Pie de atleta: cuáles son las causas y cómo se puede tratar

El pie de atleta es una infección fúngica que generalmente comienza entre los dedos del pie. Se suele presentar en personas cuyos pies están muy transpirados cuando se encuentran encerrados dentro del calzado ajustado.

Los signos y síntomas del pie de atleta son una erupción que puede causar descamación y que generalmente provoca picazón, escozor y ardor. El pie de atleta es contagioso y se puede propagar a través de pisos contaminados, toallas o ropa.

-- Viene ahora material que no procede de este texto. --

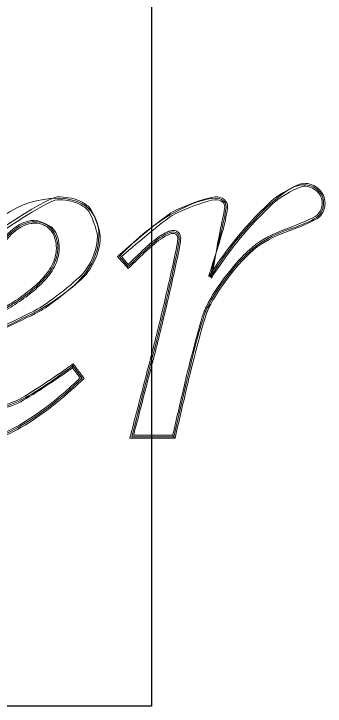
# Model space of a CAD drawing. Header units: inches. Extents: x 339 to 1068, y -638 to -160.
# Drawn here: x 960.7 to 1068.1, y -638 to -399 of the extents above; entities that cross this region are included whole.
import ezdxf

# ---------------------------------------------------------------- set-up
doc = ezdxf.new("R2010")
doc.units = ezdxf.units.IN
doc.header["$MEASUREMENT"] = 0
doc.layers.add('Capa 1', color=7, linetype='Continuous')
picture_1 = doc.add_image_def('image1.png', size_in_pixel=(700, 500))

# ---------------------------------------------------------------- blocks, each defined once
blk = doc.blocks.new('block 2')
at = {"layer": 'Capa 1'}
image = blk.add_image(picture_1, insert=(339, -638), size_in_units=(669.2, 478), dxfattribs=at)
blk = doc.blocks.new('block 18')
at = {"layer": 'Capa 1', "lineweight": 0}
blk.add_open_spline([(981.16, -519.79), (981.16, -519.79), (981.16, -519.79), (981.16, -519.79), (981.53, -520.28), (981.9, -520.77), (982.26, -521.26), (982.53, -521.62), (982.8, -521.98), (983.07, -522.33), (983.34, -522.69), (983.6, -523.05), (983.87, -523.41), (984.23, -523.88), (984.58, -524.36), (984.94, -524.83), (984.95, -524.84), (984.95, -524.85), (984.94, -524.86), (984.1, -525.64), (983.26, -526.42), (982.42, -527.2), (981.69, -527.89), (980.93, -528.54), (980.19, -529.21), (978.7, -530.55), (977.15, -531.83), (975.61, -533.11), (972.5, -535.64), (969.26, -538.01), (965.86, -540.16), (962.47, -542.3), (958.9, -544.21), (955.13, -545.65), (951.36, -547.1), (947.34, -547.98), (943.27, -548.04), (943.26, -548.04), (943.26, -548.04), (943.25, -548.04), (942.74, -548.03), (942.23, -548.02), (941.71, -547.98), (941.2, -547.93), (940.69, -547.87), (940.18, -547.78), (939.16, -547.61), (938.16, -547.33), (937.19, -546.93), (936.23, -546.53), (935.32, -546), (934.49, -545.37), (933.66, -544.73), (932.92, -543.98), (932.28, -543.17), (932.28, -543.16), (932.27, -543.15), (932.27, -543.15), (932.07, -542.87), (931.85, -542.6), (931.68, -542.31), (931.49, -542.03), (931.31, -541.74), (931.15, -541.44), (930.82, -540.84), (930.55, -540.22), (930.29, -539.6), (929.8, -538.35), (929.45, -537.05), (929.19, -535.74), (928.93, -534.43), (928.76, -533.11), (928.66, -531.79), (928.56, -530.47), (928.51, -529.14), (928.51, -527.82), (928.51, -527.82), (928.51, -527.81), (928.51, -527.8), (928.51, -524.11), (928.81, -520.41), (929.4, -516.76), (929.98, -513.11), (930.85, -509.51), (931.97, -505.99), (933.09, -502.47), (934.45, -499.03), (936.02, -495.69), (937.58, -492.35), (939.35, -489.1), (941.27, -485.96), (941.28, -485.95), (941.28, -485.95), (941.28, -485.94), (945.08, -479.76), (972.11, -462.18), (975.78, -462.18), (975.79, -462.18), (975.8, -462.18), (975.8, -462.18), (978.34, -462.19), (980.94, -462.51), (983.34, -463.56), (984.57, -464.1), (985.73, -464.84), (986.72, -465.78), (986.73, -465.78), (986.73, -465.79), (986.74, -465.79), (988.06, -467.04), (990.54, -473.87), (990.54, -475.66), (990.54, -475.67), (990.54, -475.67), (990.54, -475.68), (990.56, -480.32), (988.71, -484.77), (986.06, -488.45), (986.05, -488.46), (986.05, -488.46), (986.05, -488.47), (984, -491.28), (973.12, -499.65), (970.18, -501.39), (970.17, -501.39), (970.17, -501.39), (970.16, -501.4), (966.21, -503.59), (948.11, -512.03), (946.16, -512.92), (946.16, -512.92), (946.16, -512.92), (946.16, -512.92), (946.11, -513.25), (945.33, -520.97), (945.33, -522.63), (945.33, -522.64), (945.33, -522.65), (945.33, -522.65), (945.34, -524.99), (945.49, -527.36), (946.17, -529.54), (946.46, -530.43), (946.86, -531.28), (947.41, -531.99), (947.42, -531.99), (947.42, -532), (947.42, -532), (948.12, -532.87), (952.26, -534.54), (953.41, -534.54), (953.42, -534.54), (953.43, -534.54), (953.43, -534.54), (956.38, -534.53), (959.29, -533.61), (961.99, -532.34), (962, -532.34), (962, -532.34), (962.01, -532.34), (965.09, -530.86), (976.58, -523.18), (979.36, -521.13), (979.96, -520.68), (980.56, -520.24), (981.16, -519.79), (981.16, -519.79), (981.16, -519.79), (981.16, -519.79), (981.09, -520.26), (981.06, -520.49), (981.06, -520.49), (981.06, -520.49), (981.02, -520.72), (980.96, -521.19), (980.96, -521.19), (980.96, -521.19), (980.96, -521.19), (980.96, -521.19), (980.19, -521.76), (979.96, -521.93), (977.17, -523.99), (965.6, -531.72), (962.43, -533.24), (962.43, -533.24), (962.42, -533.25), (962.41, -533.25), (959.63, -534.55), (956.6, -535.52), (953.43, -535.54), (953.43, -535.54), (953.42, -535.54), (953.41, -535.54), (952.17, -535.53), (947.44, -533.63), (946.65, -532.63), (946.64, -532.62), (946.64, -532.62), (946.63, -532.61), (945.97, -531.77), (945.54, -530.82), (945.22, -529.85), (944.49, -527.48), (944.35, -525.05), (944.33, -522.65), (944.33, -522.65), (944.33, -522.64), (944.33, -522.63), (944.33, -520.94), (945.17, -512.77), (945.25, -512.27), (945.25, -512.26), (945.25, -512.24), (945.26, -512.23), (947.38, -511.27), (965.79, -502.68), (969.66, -500.53), (969.67, -500.53), (969.67, -500.52), (969.68, -500.52), (972.59, -498.81), (983.28, -490.58), (985.23, -487.88), (985.24, -487.88), (985.24, -487.87), (985.24, -487.87), (987.81, -484.3), (989.56, -480.07), (989.54, -475.68), (989.54, -475.67), (989.54, -475.67), (989.54, -475.66), (989.54, -473.96), (987.26, -467.67), (986.05, -466.52), (986.04, -466.51), (986.04, -466.51), (986.03, -466.5), (985.13, -465.65), (984.08, -464.98), (982.93, -464.47), (980.72, -463.51), (978.25, -463.18), (975.8, -463.18), (975.8, -463.18), (975.79, -463.18), (975.78, -463.18), (972.22, -463.18), (945.89, -480.35), (942.14, -486.46), (942.13, -486.47), (942.13, -486.47), (942.13, -486.48), (940.22, -489.6), (938.47, -492.81), (936.92, -496.11), (935.38, -499.42), (934.03, -502.82), (932.92, -506.29), (931.82, -509.77), (930.96, -513.32), (930.39, -516.92), (929.81, -520.52), (929.51, -524.16), (929.51, -527.8), (929.51, -527.81), (929.51, -527.82), (929.51, -527.82), (929.51, -529.12), (929.56, -530.42), (929.66, -531.71), (929.76, -533), (929.92, -534.28), (930.17, -535.55), (930.42, -536.81), (930.76, -538.05), (931.22, -539.23), (931.47, -539.82), (931.72, -540.41), (932.03, -540.95), (932.18, -541.23), (932.34, -541.5), (932.52, -541.77), (932.68, -542.04), (932.88, -542.28), (933.06, -542.53), (933.06, -542.54), (933.06, -542.54), (933.07, -542.55), (933.66, -543.31), (934.34, -543.99), (935.1, -544.57), (935.86, -545.15), (936.69, -545.63), (937.58, -546), (938.46, -546.37), (939.4, -546.63), (940.35, -546.8), (940.83, -546.88), (941.31, -546.94), (941.79, -546.98), (942.28, -547.02), (942.76, -547.03), (943.25, -547.04), (943.26, -547.04), (943.26, -547.04), (943.27, -547.04), (947.19, -546.98), (951.09, -546.13), (954.77, -544.71), (958.46, -543.3), (961.98, -541.43), (965.33, -539.31), (968.68, -537.19), (971.9, -534.84), (974.98, -532.33), (976.51, -531.06), (978.05, -529.8), (979.52, -528.46), (980.27, -527.8), (981.02, -527.15), (981.74, -526.46), (982.36, -525.88), (982.99, -525.3), (983.61, -524.73), (983.61, -524.73), (983.61, -524.73), (983.61, -524.73), (983.43, -524.49), (983.25, -524.25), (983.07, -524.01), (982.8, -523.65), (982.54, -523.29), (982.27, -522.93), (982, -522.58), (981.73, -522.22), (981.46, -521.86), (981.29, -521.64), (981.13, -521.41), (980.96, -521.19), (980.96, -521.19), (980.96, -521.19), (980.96, -521.19), (981.02, -520.72), (981.06, -520.49), (981.06, -520.49), (981.06, -520.49), (981.09, -520.26), (981.16, -519.79)], degree=3, knots=[0, 0, 0, 0, 1, 1, 1, 2, 2, 2, 3, 3, 3, 4, 4, 4, 5, 5, 5, 6, 6, 6, 7, 7, 7, 8, 8, 8, 9, 9, 9, 10, 10, 10, 11, 11, 11, 12, 12, 12, 13, 13, 13, 14, 14, 14, 15, 15, 15, 16, 16, 16, 17, 17, 17, 18, 18, 18, 19, 19, 19, 20, 20, 20, 21, 21, 21, 22, 22, 22, 23, 23, 23, 24, 24, 24, 25, 25, 25, 26, 26, 26, 27, 27, 27, 28, 28, 28, 29, 29, 29, 30, 30, 30, 31, 31, 31, 32, 32, 32, 33, 33, 33, 34, 34, 34, 35, 35, 35, 36, 36, 36, 37, 37, 37, 38, 38, 38, 39, 39, 39, 40, 40, 40, 41, 41, 41, 42, 42, 42, 43, 43, 43, 44, 44, 44, 45, 45, 45, 46, 46, 46, 47, 47, 47, 48, 48, 48, 49, 49, 49, 50, 50, 50, 51, 51, 51, 52, 52, 52, 53, 53, 53, 54, 54, 54, 55, 55, 55, 56, 56, 56, 57, 57, 57, 58, 58, 58, 59, 59, 59, 60, 60, 60, 61, 61, 61, 62, 62, 62, 63, 63, 63, 64, 64, 64, 65, 65, 65, 66, 66, 66, 67, 67, 67, 68, 68, 68, 69, 69, 69, 70, 70, 70, 71, 71, 71, 72, 72, 72, 73, 73, 73, 74, 74, 74, 75, 75, 75, 76, 76, 76, 77, 77, 77, 78, 78, 78, 79, 79, 79, 80, 80, 80, 81, 81, 81, 82, 82, 82, 83, 83, 83, 84, 84, 84, 85, 85, 85, 86, 86, 86, 87, 87, 87, 88, 88, 88, 89, 89, 89, 90, 90, 90, 91, 91, 91, 92, 92, 92, 93, 93, 93, 94, 94, 94, 95, 95, 95, 96, 96, 96, 97, 97, 97, 98, 98, 98, 99, 99, 99, 100, 100, 100, 101, 101, 101, 102, 102, 102, 103, 103, 103, 104, 104, 104, 105, 105, 105, 106, 106, 106, 107, 107, 107, 108, 108, 108, 109, 109, 109, 110, 110, 110, 111, 111, 111, 112, 112, 112, 113, 113, 113, 114, 114, 114, 115, 115, 115, 116, 116, 116, 116], dxfattribs=at)
blk = doc.blocks.new('block 19')
at = {"layer": 'Capa 1', "lineweight": 0}
blk.add_open_spline([(947.53, -505.48), (947.53, -505.48), (947.53, -505.48), (947.53, -505.48), (947.78, -505.37), (948.03, -505.25), (948.27, -505.14), (948.8, -504.89), (949.33, -504.64), (949.86, -504.39), (950.92, -503.89), (951.97, -503.37), (953.01, -502.83), (955.09, -501.75), (957.13, -500.62), (959.12, -499.39), (961.11, -498.17), (963.05, -496.86), (964.9, -495.44), (966.75, -494.03), (968.52, -492.5), (970.15, -490.85), (970.15, -490.84), (970.16, -490.84), (970.16, -490.83), (970.87, -490.08), (971.55, -489.28), (972.17, -488.45), (972.8, -487.62), (973.36, -486.75), (973.84, -485.83), (974.31, -484.92), (974.7, -483.97), (974.97, -482.98), (975.23, -482), (975.38, -480.98), (975.38, -479.97), (975.38, -479.96), (975.38, -479.95), (975.38, -479.95), (975.39, -477.64), (974.82, -475.3), (973.32, -473.61), (973.31, -473.6), (973.31, -473.6), (973.3, -473.59), (971.99, -472.05), (970.02, -471.25), (967.98, -471.28), (967.98, -471.28), (967.97, -471.28), (967.96, -471.28), (967.53, -471.28), (967.11, -471.32), (966.68, -471.37), (964.7, -471.66), (962.85, -472.62), (961.26, -473.9), (961.26, -473.9), (961.25, -473.91), (961.25, -473.91), (957.8, -476.65), (955.44, -480.57), (953.69, -484.64), (953.69, -484.64), (953.69, -484.65), (953.68, -484.65), (952.47, -487.57), (951.38, -490.53), (950.44, -493.55), (949.81, -495.57), (947.61, -505.09), (947.53, -505.48), (947.53, -505.48), (947.53, -505.48), (947.53, -505.48), (947.53, -505.48), (947.53, -505.48), (947.53, -505.48), (947.1, -506.05), (946.88, -506.33), (946.88, -506.33), (946.88, -506.33), (946.66, -506.61), (946.22, -507.18), (946.22, -507.18), (946.22, -507.18), (946.22, -507.18), (946.29, -506.81), (946.35, -506.45), (946.41, -506.08), (946.53, -505.43), (948.85, -495.29), (949.49, -493.25), (950.43, -490.2), (951.54, -487.21), (952.76, -484.26), (952.77, -484.26), (952.77, -484.25), (952.77, -484.25), (954.56, -480.09), (956.98, -476.03), (960.62, -473.13), (960.63, -473.13), (960.63, -473.12), (960.64, -473.12), (962.32, -471.77), (964.34, -470.7), (966.54, -470.38), (967.01, -470.32), (967.49, -470.28), (967.96, -470.28), (967.97, -470.28), (967.98, -470.28), (967.98, -470.28), (969.1, -470.28), (973.31, -472.08), (974.05, -472.93), (974.06, -472.94), (974.06, -472.94), (974.07, -472.95), (975.79, -474.88), (976.39, -477.51), (976.38, -479.95), (976.38, -479.95), (976.38, -479.96), (976.38, -479.97), (976.38, -481.08), (976.22, -482.18), (975.93, -483.24), (975.64, -484.31), (975.23, -485.33), (974.72, -486.3), (974.22, -487.27), (973.62, -488.18), (972.98, -489.05), (972.33, -489.92), (971.62, -490.74), (970.88, -491.53), (970.88, -491.53), (970.87, -491.54), (970.87, -491.54), (969.19, -493.25), (967.4, -494.8), (965.51, -496.24), (963.63, -497.68), (961.66, -499.01), (959.65, -500.24), (957.63, -501.48), (955.56, -502.63), (953.47, -503.72), (952.42, -504.26), (951.36, -504.78), (950.29, -505.29), (949.76, -505.55), (949.23, -505.8), (948.69, -506.05), (947.87, -506.43), (947.05, -506.8), (946.22, -507.18), (946.22, -507.18), (946.22, -507.18), (946.22, -507.18), (946.66, -506.61), (946.88, -506.33), (946.88, -506.33), (946.88, -506.33), (947.1, -506.05), (947.53, -505.48)], degree=3, knots=[0, 0, 0, 0, 1, 1, 1, 2, 2, 2, 3, 3, 3, 4, 4, 4, 5, 5, 5, 6, 6, 6, 7, 7, 7, 8, 8, 8, 9, 9, 9, 10, 10, 10, 11, 11, 11, 12, 12, 12, 13, 13, 13, 14, 14, 14, 15, 15, 15, 16, 16, 16, 17, 17, 17, 18, 18, 18, 19, 19, 19, 20, 20, 20, 21, 21, 21, 22, 22, 22, 23, 23, 23, 24, 24, 24, 25, 25, 25, 26, 26, 26, 27, 27, 27, 28, 28, 28, 29, 29, 29, 30, 30, 30, 31, 31, 31, 32, 32, 32, 33, 33, 33, 34, 34, 34, 35, 35, 35, 36, 36, 36, 37, 37, 37, 38, 38, 38, 39, 39, 39, 40, 40, 40, 41, 41, 41, 42, 42, 42, 43, 43, 43, 44, 44, 44, 45, 45, 45, 46, 46, 46, 47, 47, 47, 48, 48, 48, 49, 49, 49, 50, 50, 50, 51, 51, 51, 52, 52, 52, 53, 53, 53, 54, 54, 54, 55, 55, 55, 56, 56, 56, 56], dxfattribs=at)
blk = doc.blocks.new('block 17')
at = {"layer": 'Capa 1'}
for name in ['block 18', 'block 19']:
    blk.add_blockref(name, (0, 0), dxfattribs=at)
blk = doc.blocks.new('block 16')
at = {"layer": 'Capa 1', "lineweight": 0}
for points, knots in [([(981.06, -520.49), (981.06, -520.49), (984.28, -524.79), (984.28, -524.79), (968.33, -539.96), (954.66, -547.54), (943.27, -547.54), (938.64, -547.54), (935.11, -545.98), (932.67, -542.85), (930.23, -539.73), (929.01, -534.71), (929.01, -527.81), (929.01, -513.88), (933.24, -500.01), (941.7, -486.21), (951.21, -470.52), (962.57, -462.68), (975.79, -462.68), (980.41, -462.68), (983.94, -463.83), (986.38, -466.14), (988.82, -468.45), (990.04, -471.63), (990.04, -475.66), (990.04, -479.9), (988.58, -484.06), (985.65, -488.16), (982.72, -492.27), (977.48, -496.53), (969.93, -500.96), (966.15, -503.11), (958.08, -506.98), (945.71, -512.58), (945.12, -516.09), (944.83, -519.45), (944.83, -522.64), (944.83, -527.26), (945.56, -530.48), (947.03, -532.3), (948.49, -534.13), (950.62, -535.04), (953.42, -535.04), (956.09, -535.04), (959.02, -534.29), (962.21, -532.79), (966.51, -530.78), (972.79, -526.67), (981.06, -520.49)], [0, 0, 0, 0, 1, 1, 1, 2, 2, 2, 3, 3, 3, 4, 4, 4, 5, 5, 5, 6, 6, 6, 7, 7, 7, 8, 8, 8, 9, 9, 9, 10, 10, 10, 11, 11, 11, 12, 12, 12, 13, 13, 13, 14, 14, 14, 15, 15, 15, 16, 16, 16, 16]), ([(946.88, -506.33), (957.36, -501.64), (965.24, -496.6), (970.51, -491.19), (974.09, -487.42), (975.88, -483.67), (975.88, -479.96), (975.88, -477.16), (975.15, -474.93), (973.69, -473.27), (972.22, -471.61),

El pie de atleta está muy relacionado con otras infecciones fúngicas, como la tiña y la tiña inguinal. Se puede tratar con medicamentos antifúngicos de venta libre, pero la infección suele volver a aparecer; también se encuentran disponibles los medicamentos con receta.

¿Qué síntomas produce el pie de atleta?

El pie de atleta generalmente causa una erupción roja escamosa. La erupción comienza generalmente entre los dedos de los pies. La picazón es a menudo peor inmediatamente después de que te quitas el calzado y las medias.

Algunos tipos de pie de atleta presentan ampollas o úlceras. La variedad de mocasín del pie de atleta causa sequedad crónica y descamación en las plantas de los pies que se extienden hacia arriba por el costado del pie. Puede confundirse con eccema o piel seca.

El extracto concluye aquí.